• [Provided information]:
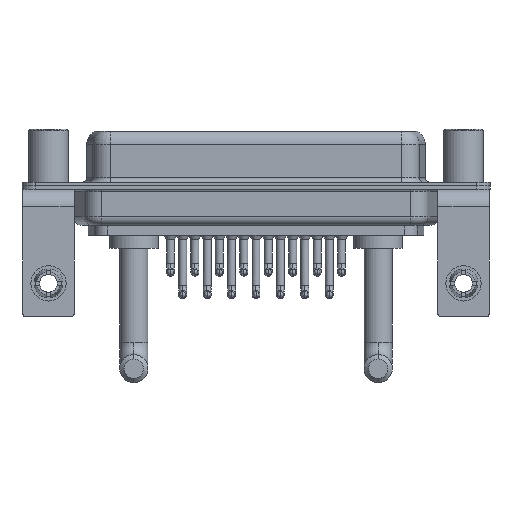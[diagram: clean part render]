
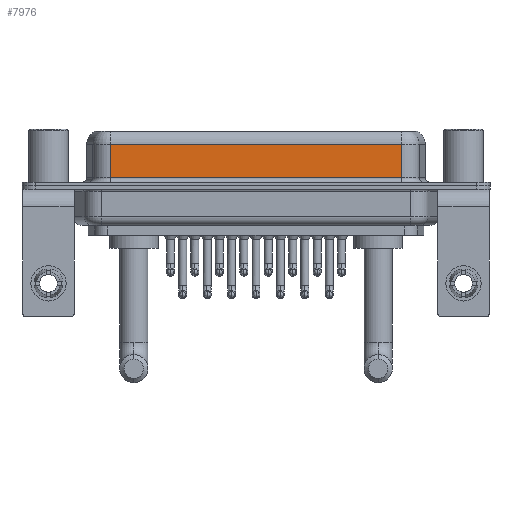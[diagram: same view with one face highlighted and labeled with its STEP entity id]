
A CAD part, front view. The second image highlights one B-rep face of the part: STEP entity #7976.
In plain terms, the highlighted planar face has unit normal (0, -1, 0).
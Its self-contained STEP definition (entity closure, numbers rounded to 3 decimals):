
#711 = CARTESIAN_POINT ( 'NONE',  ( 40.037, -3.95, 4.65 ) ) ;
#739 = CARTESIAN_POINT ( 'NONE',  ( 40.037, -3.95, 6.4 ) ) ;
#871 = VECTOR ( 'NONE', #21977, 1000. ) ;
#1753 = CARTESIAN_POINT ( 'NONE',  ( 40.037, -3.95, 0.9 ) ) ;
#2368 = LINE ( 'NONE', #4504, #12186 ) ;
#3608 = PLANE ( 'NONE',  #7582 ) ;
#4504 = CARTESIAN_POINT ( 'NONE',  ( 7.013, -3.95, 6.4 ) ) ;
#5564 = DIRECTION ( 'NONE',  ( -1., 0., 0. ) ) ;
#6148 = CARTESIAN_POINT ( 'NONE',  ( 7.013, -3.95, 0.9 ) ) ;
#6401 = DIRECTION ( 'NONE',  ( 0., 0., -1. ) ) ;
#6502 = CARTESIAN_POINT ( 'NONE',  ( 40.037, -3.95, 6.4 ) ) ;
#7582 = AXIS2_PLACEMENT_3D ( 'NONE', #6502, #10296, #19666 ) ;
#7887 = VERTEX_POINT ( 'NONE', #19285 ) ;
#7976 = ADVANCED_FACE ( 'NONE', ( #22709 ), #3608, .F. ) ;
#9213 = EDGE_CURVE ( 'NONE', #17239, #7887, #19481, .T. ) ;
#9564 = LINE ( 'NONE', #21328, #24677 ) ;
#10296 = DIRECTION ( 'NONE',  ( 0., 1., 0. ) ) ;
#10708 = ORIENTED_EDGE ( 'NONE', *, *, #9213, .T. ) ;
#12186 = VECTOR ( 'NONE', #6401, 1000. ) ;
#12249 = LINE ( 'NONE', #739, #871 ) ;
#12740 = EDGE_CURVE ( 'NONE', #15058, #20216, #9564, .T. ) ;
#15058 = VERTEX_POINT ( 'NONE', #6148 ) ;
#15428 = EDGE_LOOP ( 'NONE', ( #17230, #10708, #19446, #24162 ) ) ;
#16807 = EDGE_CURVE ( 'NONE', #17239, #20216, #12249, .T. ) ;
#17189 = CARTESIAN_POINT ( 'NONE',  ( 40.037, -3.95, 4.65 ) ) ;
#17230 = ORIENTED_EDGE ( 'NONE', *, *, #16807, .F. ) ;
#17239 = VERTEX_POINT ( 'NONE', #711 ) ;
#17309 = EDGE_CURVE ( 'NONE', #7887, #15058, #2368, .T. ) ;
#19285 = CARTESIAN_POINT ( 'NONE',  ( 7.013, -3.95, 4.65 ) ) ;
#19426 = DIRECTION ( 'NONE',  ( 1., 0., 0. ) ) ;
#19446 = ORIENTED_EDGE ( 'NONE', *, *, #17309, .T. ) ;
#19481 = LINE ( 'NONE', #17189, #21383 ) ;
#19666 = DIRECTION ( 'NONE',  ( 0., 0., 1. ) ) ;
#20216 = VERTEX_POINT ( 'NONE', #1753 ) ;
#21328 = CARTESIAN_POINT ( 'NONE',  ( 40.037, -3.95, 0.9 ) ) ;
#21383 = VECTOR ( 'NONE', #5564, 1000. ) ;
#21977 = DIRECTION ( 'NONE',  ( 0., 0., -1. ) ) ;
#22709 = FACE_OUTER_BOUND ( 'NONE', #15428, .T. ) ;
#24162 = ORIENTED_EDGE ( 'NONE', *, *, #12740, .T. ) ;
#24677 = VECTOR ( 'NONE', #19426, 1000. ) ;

• [Problem]: The answer must be the lines above, word for word, from the first one through the line with "#4504 = CARTESIAN_POINT", pictures excluded.

• [Task response]:
[diagram: clean part render]
[diagram: same view with one face highlighted and labeled with its STEP entity id]
A CAD part, front view. The second image highlights one B-rep face of the part: STEP entity #7976.
In plain terms, the highlighted planar face has unit normal (0, -1, 0).
Its self-contained STEP definition (entity closure, numbers rounded to 3 decimals):
#711 = CARTESIAN_POINT ( 'NONE',  ( 40.037, -3.95, 4.65 ) ) ;
#739 = CARTESIAN_POINT ( 'NONE',  ( 40.037, -3.95, 6.4 ) ) ;
#871 = VECTOR ( 'NONE', #21977, 1000. ) ;
#1753 = CARTESIAN_POINT ( 'NONE',  ( 40.037, -3.95, 0.9 ) ) ;
#2368 = LINE ( 'NONE', #4504, #12186 ) ;
#3608 = PLANE ( 'NONE',  #7582 ) ;
#4504 = CARTESIAN_POINT ( 'NONE',  ( 7.013, -3.95, 6.4 ) ) ;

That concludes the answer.